1. Field of the Invention
The present invention relates to capacitors capable of being mounted on printed circuit boards by means of soldering, and a method for manufacturing such capacitors.
2. Description of the Prior Art
Capacitors which are in the form of individual components for mounting by soldering on a printed circuit board must resist the influences of the solder fluxing agent, the hot liquid solder, as well as chemical liquid cleaning agents without damage to the capacitor itself.
Capacitors are known in the art having a stacked or layered construction or a flat-pressed winding, with the layers having coatings on the large faces thereof which respectively terminate at opposite end faces of the capacitor stack or winding with a metal plated layer being electrically conductively connected to the coatings at each of the end faces. Current leads are electrically and mechanically connected to the metal platings. Such a stacked or layered capacitor is described, for example, in German Pat. No. 1,764,541, corresponding to U.S. Pat. Nos. 3,670,378 and 3,728,765.
Other types of capacitors are also known consisting of a sintered member, such as a tantalum sinter capacitor, those capacitors also having metal elements disposed at opposite end faces for connecting to current leads. Generally the tantalum sinter element is porous and has coatings on opposite sides thereof consisting of conductive metal oxides, these coatings being generated during the individual manufacturing steps for the capacitor.
Ceramic multi-layer capacitors are also known such as described, for example, in the U.S. Pat. No. 3,740,624, consisting of alternating ceramic and metal layers, with the metal layers being guided to opposite end faces of the capacitors and being electrically connected at the end faces by means of metal plating.
A problem in the use of such capacitors, particular capacitors of the type described above having dielectric material consisting of plastic, is the sensitivity of such capacitors to the influence of fluxing agents, hot liquid solder, and liquid chemical cleaning agents. Plastics commonly utilized as dielectric material in capacitors are, for example, polyethylene terephthalate, polycarbonate, polypropylene, cellulose acetate, and the like. Capacitors having a ceramic dielectric element or a tantalum sinter member are also subject to being damaged during the mounting of such capacitors as chip components on a printed circuit board. For example, by the influence of the heat accompanying the application of solder, the dielectric properties can change in an unfavorable manner, and the chemical influence of the fluxing agent and/or of cleaning agents may also adversely affect such capacitors.
In order to minimize the influence of such disturbances, many electronic components, including capacitors, are contained in housings or envelopes which provide a certain immunization from such influences, making those components suitable for utilization as chip components. Generally when attaching such components to a printed circuit board, solder is employed which, in the liquid state, exhibits temperatures up to 260.degree. C., and the soldering operation lasts approximately 10 seconds.

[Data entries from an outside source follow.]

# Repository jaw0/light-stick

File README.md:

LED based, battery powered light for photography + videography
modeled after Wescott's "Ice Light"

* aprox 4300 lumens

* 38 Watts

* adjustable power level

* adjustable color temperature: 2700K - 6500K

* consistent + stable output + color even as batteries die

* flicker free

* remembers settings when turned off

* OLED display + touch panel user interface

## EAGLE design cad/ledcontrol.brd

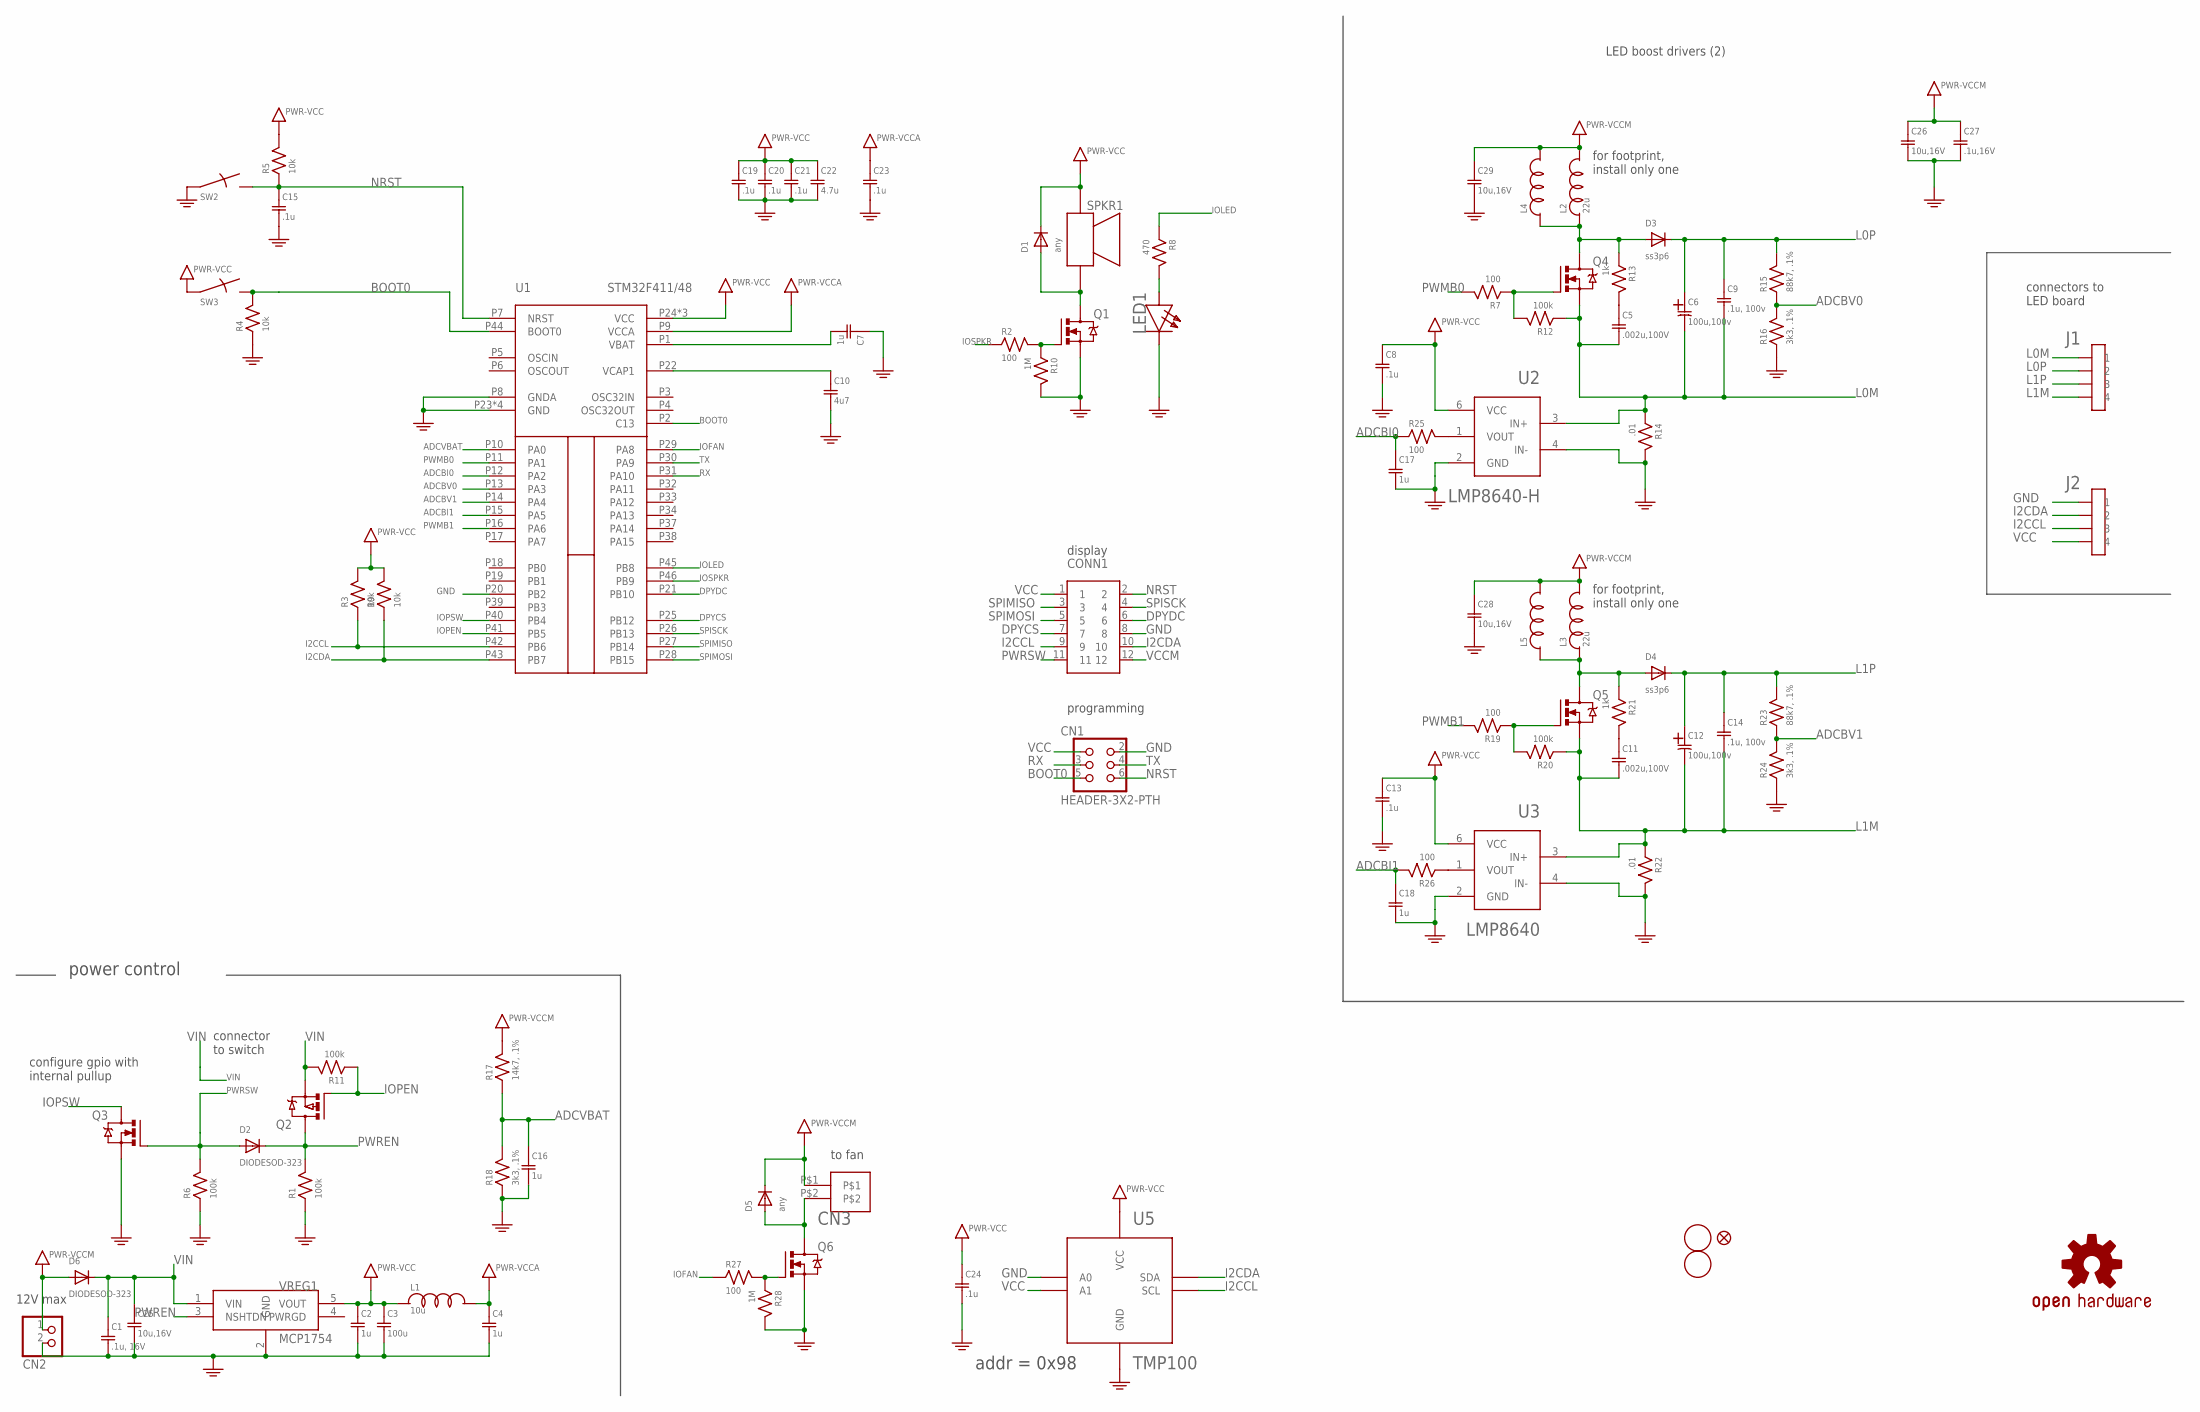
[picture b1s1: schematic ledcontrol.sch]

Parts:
C1: .1u, 16V; SMD0603
C2, C4, C7, C16, C17, C18: 1u; SMD0603
C3: 100u; SMD1210
C5, C11: .002u,100V; SMD0603
C6, C12: 100u,100v; CAPKE0
C8, C13, C15, C19, C20, C21, C23, C24: .1u; SMD0603
C9, C14: .1u, 100v; SMD0805
C10: 4u7; SMD0603
C22: 4.7u; SMD0603
C25, C26, C28, C29: 10u,16V; SMD0603
C27: .1u,16V; SMD0603
CN1: HEADER-3X2-PTH
CN2: JST_2PIN-THM-RA; JST-PH-2-THM-RA
CN3: HEADER-1X2-THM
CONN1: HEADER-6X2-PTH
D1, D5: any; SOD-323
D2, D6: DIODESOD-323; SOD-323
D3, D4: ss3p6; DO-214AC
FID1: FIDUCIALUFIDUCIAL; MICRO-FIDUCIAL
J1, J2: HEADER-4X1-PTH
L1: 10u; SMD0603
L2, L3: 22u; BOURNS2303
L4, L5: L-SRR1260; SRR1260
LED1: white; SMD0603D
LOGO1: OSHW-LOGOS; OSHW-LOGO-S
Q1, Q6: IRLML6344TRPBF; SOT-23-3
Q2: MOSFET-P; SOT-23-3@1
Q3: MOSFETSOT-23; SOT-23-3
Q4, Q5: AON6246; DFN5X6-8LEP1
R1, R6, R11, R12, R20: 100k; SMD0603
R2, R7, R19, R25, R26, R27: 100; SMD0603
R3, R4, R5, R9: 10k; SMD0603
R8: 470; SMD0603
R10, R28: 1M; SMD0603
R13, R21: 1k; SMD0603
R14, R22: .01; SMD1206
R15, R23: 88k7, .1%; SMD0603
R16, R18, R24: 3k3, .1%; SMD0603
R17: 14k7, .1%; SMD0603
SPKR1: PUI-5040; PUI-0540
SW2, SW3: SWITCHKMR211; KMR211
U1: STM32F411/48; UQPFN48
U2: LMP8640-H; SOT-23-6
U3: LMP8640; SOT-23-6
U5: TMP100; SOT-23-6
U$1, U$2: FIDUCIAL; FIDUCIAL_1MM
VREG1: MCP1754; SOT-23-5

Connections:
ADCBI0: C17.1, R25.1, U1.P12 (PA2)
ADCBI1: C18.1, R26.2, U1.P15 (PA5)
ADCBV0: R15.1, R16.2, U1.P13 (PA3)
ADCBV1: R23.1, R24.2, U1.P14 (PA4)
ADCVBAT: C16.1, R17.1, R18.2, U1.P10 (PA0)
BOOT0: CN1.5, R4.2, SW3.2, SW3.4, U1.P2 (C13), U1.P44 (BOOT0)
DPYCS: CONN1.7, U1.P25 (PB12)
DPYDC: CONN1.6, U1.P21 (PB10)
GND: C1.2, C2.2, C3.2, C4.2, C7.1, C8.2, C10.2, C13.2, C15.2, C16.2, C17.2, C18.2, C19.2, C20.2, C21.2, C22.2, C23.2, C24.2, C25.2, C26.2, C27.2, C28.2, C29.2, CN1.2, CN2.2 (1), CONN1.8, J2.P$1 (1), LED1.C, Q1.2 (S), Q3.2 (S), Q6.2 (S), R1.1, R4.1, R6.1, R10.2, R14.2, R16.1, R18.1, R22.2, R24.1, R28.2, SW2.1, SW2.3, U1.P8 (GNDA), U1.P20 (PB2), U1.P23 (GND), U1.P35 (GND), U1.P47 (GND), U1.PAD (GND), U2.2 (GND), U2.4 (IN-), U3.2 (GND), U3.4 (IN-), U5.2 (GND), U5.5 (A0), VREG1.2 (GND)
I2CCL: CONN1.9, J2.P$3 (3), R3.1, U1.P42 (PB6), U5.1 (SCL)
I2CDA: CONN1.10, J2.P$2 (2), R9.1, U1.P43 (PB7), U5.6 (SDA)
IOFAN: R27.1, U1.P29 (PA8)
IOLED: R8.1, U1.P45 (PB8)
IOPEN: Q2.1 (G), R11.1, U1.P41 (PB5)
IOPSW: Q3.3 (D), U1.P40 (PB4)
IOSPKR: R2.1, U1.P46 (PB9)
L0M: C5.2, C6.N, C9.2, J1.P$1 (1), Q4.P$1 (S), Q4.P$2 (S), Q4.P$3 (S), R12.1, R14.1, U2.3 (IN+)
L0P: C6.P, C9.1, D3.C, J1.P$2 (2), R15.2
L1M: C11.2, C12.N, C14.2, J1.P$4 (4), Q5.P$1 (S), Q5.P$2 (S), Q5.P$3 (S), R20.1, R22.1, U3.3 (IN+)
L1P: C12.P, C14.1, D4.C, J1.P$3 (3), R23.2
unnamed: D3.A, L2.P$1, L4.P$1, Q4.P$5 (D), Q4.P$6 (D), Q4.P$7 (D), Q4.P$8 (D), Q4.P$9 (D), R13.1
unnamed: C5.1, R13.2
unnamed: Q4.P$4 (G), R7.1, R12.2
unnamed: Q1.1 (G), R2.2, R10.1
unnamed: LED1.A, R8.2
unnamed: D4.A, L3.P$1, L5.P$1, Q5.P$5 (D), Q5.P$6 (D), Q5.P$7 (D), Q5.P$8 (D), Q5.P$9 (D), R21.1
unnamed: C11.1, R21.2
unnamed: D1.A, Q1.3 (D), SPKR1.P2
unnamed: Q5.P$4 (G), R19.1, R20.2
unnamed: R25.2, U2.1 (VOUT)
unnamed: R26.1, U3.1 (VOUT)
unnamed: C10.1, U1.P22 (VCAP1)
unnamed: CN3.P$2, D5.A, Q6.3 (D)
unnamed: Q6.1 (G), R27.2, R28.1
unnamed: C7.2, U1.P1 (VBAT)
NRST: C15.1, CN1.6, CONN1.2, R5.1, SW2.2, SW2.4, U1.P7 (NRST)
PWMB0: R7.2, U1.P11 (PA1)
PWMB1: R19.2, U1.P16 (PA6)
PWREN: D2.C, Q2.3 (D), R1.2, VREG1.3 (NSHTDN)
PWRSW: CONN1.11, D2.A, Q3.1 (G), R6.2
RX: CN1.3, U1.P31 (PA10)
SPIMISO: CONN1.3, U1.P27 (PB14)
SPIMOSI: CONN1.5, U1.P28 (PB15)
SPISCK: CONN1.4, U1.P26 (PB13)
TX: CN1.4, U1.P30 (PA9)
VCC: C2.1, C3.1, C8.1, C13.1, C19.1, C20.1, C21.1, C22.1, C24.1, CN1.1, CONN1.1, D1.C, J2.P$4 (4), L1.1, R3.2, R5.2, R9.2, SPKR1.P1, SW3.1, SW3.3, U1.P24 (VCC), U1.P36 (VCC), U1.P48 (VCC), U2.6 (VCC), U3.6 (VCC), U5.3 (A1), U5.4 (VCC), VREG1.5 (VOUT)
VCCA: C4.1, C23.1, L1.2, U1.P9 (VCCA)
VCCM: C26.1, C27.1, C28.1, C29.1, CN2.1 (2), CN3.P$1, CONN1.12, D5.C, D6.A, L2.P$2, L3.P$2, L4.P$2, L5.P$2, R17.2
VIN: C1.1, C25.1, D6.C, Q2.2 (S), R11.2, VREG1.1 (VIN)

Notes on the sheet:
configure gpio with internal pullup
power control
LED boost drivers (2)
connector to switch
12V max
display
programming
connectors to LED board
to fan
addr = 0x98
for footprint, install only one

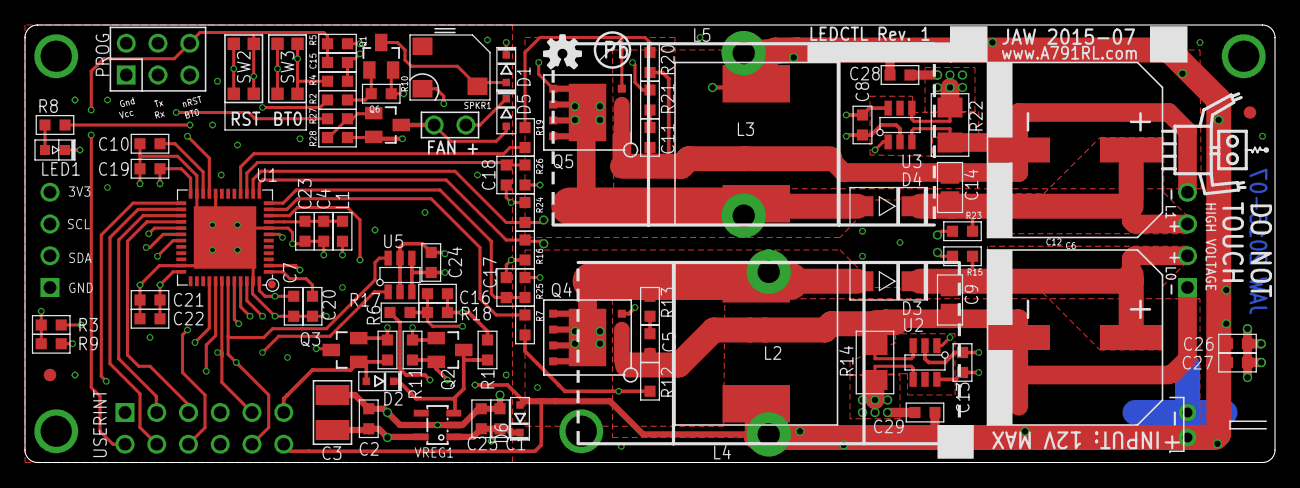
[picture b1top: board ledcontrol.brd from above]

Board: 4 copper layers, 100.0 x 35.0 mm, 93 parts (1 on the bottom side), 49 nets.

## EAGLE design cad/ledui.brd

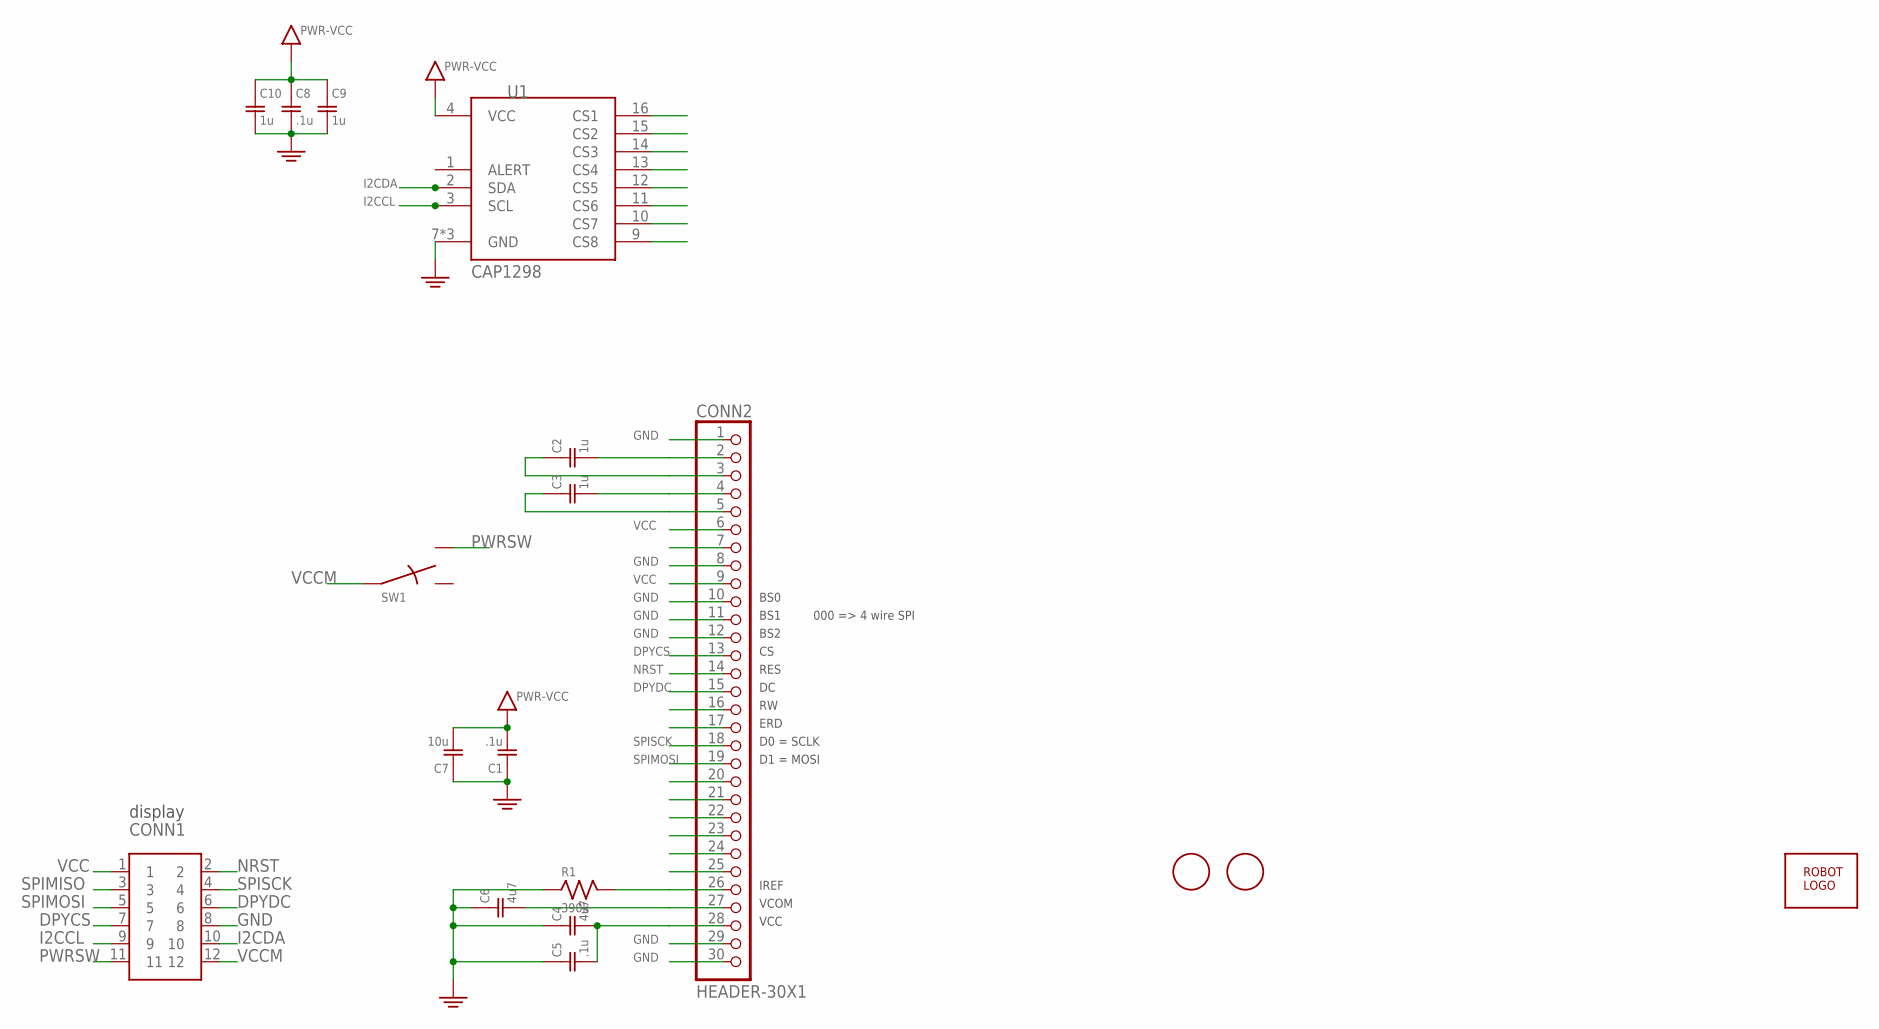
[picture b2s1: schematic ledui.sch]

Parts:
C1, C5, C8: .1u; SMD0603
C2, C3, C9, C10: 1u; SMD0603
C4, C6: 4u7; SMD0603
C7: 10u; SMD0603
CONN1: HEADER-6X2-PTH
CONN2: HEADER-30X1; HEADER-30X1-SMD7
R1: 390k; SMD0603
SW1: SWITCH-SPDT; ALPS-SSAJ120100
U1: CAP1298; QFN16EP
U$1, U$2: FIDUCIAL; FIDUCIAL_1MM
U$3: ROBOTMAN-LOGO

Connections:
CS1: U1.16 (CS1)
CS2: U1.15 (CS2)
CS3: U1.14 (CS3)
CS4: U1.13 (CS4)
CS5: U1.12 (CS5)
CS6: U1.11 (CS6)
CS7: U1.10 (CS7)
CS8: U1.9 (CS8)
DPYCS: CONN1.7, CONN2.13
DPYDC: CONN1.6, CONN2.15
GND: C1.1, C4.1, C5.1, C6.1, C7.1, C8.2, C9.2, C10.2, CONN1.8, CONN2.1, CONN2.8, CONN2.10, CONN2.11, CONN2.12, CONN2.29, CONN2.30, R1.1, U1.7 (GND), U1.8 (GND), U1.P$1 (GND)
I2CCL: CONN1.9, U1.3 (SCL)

A capacitor is described in German Pat. No. 3,120,298 in chip component construction which includes a capacitor member comprised of foils with opposite end faces provided with solderable contact layers and having a metallic component in the form of a cap associated therewith. Each metal component is a separately manufactured element consisting of solder-resistant material and having at least one opening in a base region thereof, so that a solder connection extending at least into the opening between a connection layer and the metal component is formed. This embodiment assumes that, when installation on a printed circuit board is undertaken, the liquid solder reaches only the metal component, but not the actual capacitor. In the normal mounting and attachment of such chip components to printed circuit boards, however, the so-called flow solder method is employed wherein the components come virtually entirely into contact with liquid solder at a temperature of 260.degree. C. for approximately 10 seconds. This is particularly true if the components are arranged on the wiring side of the circuit board.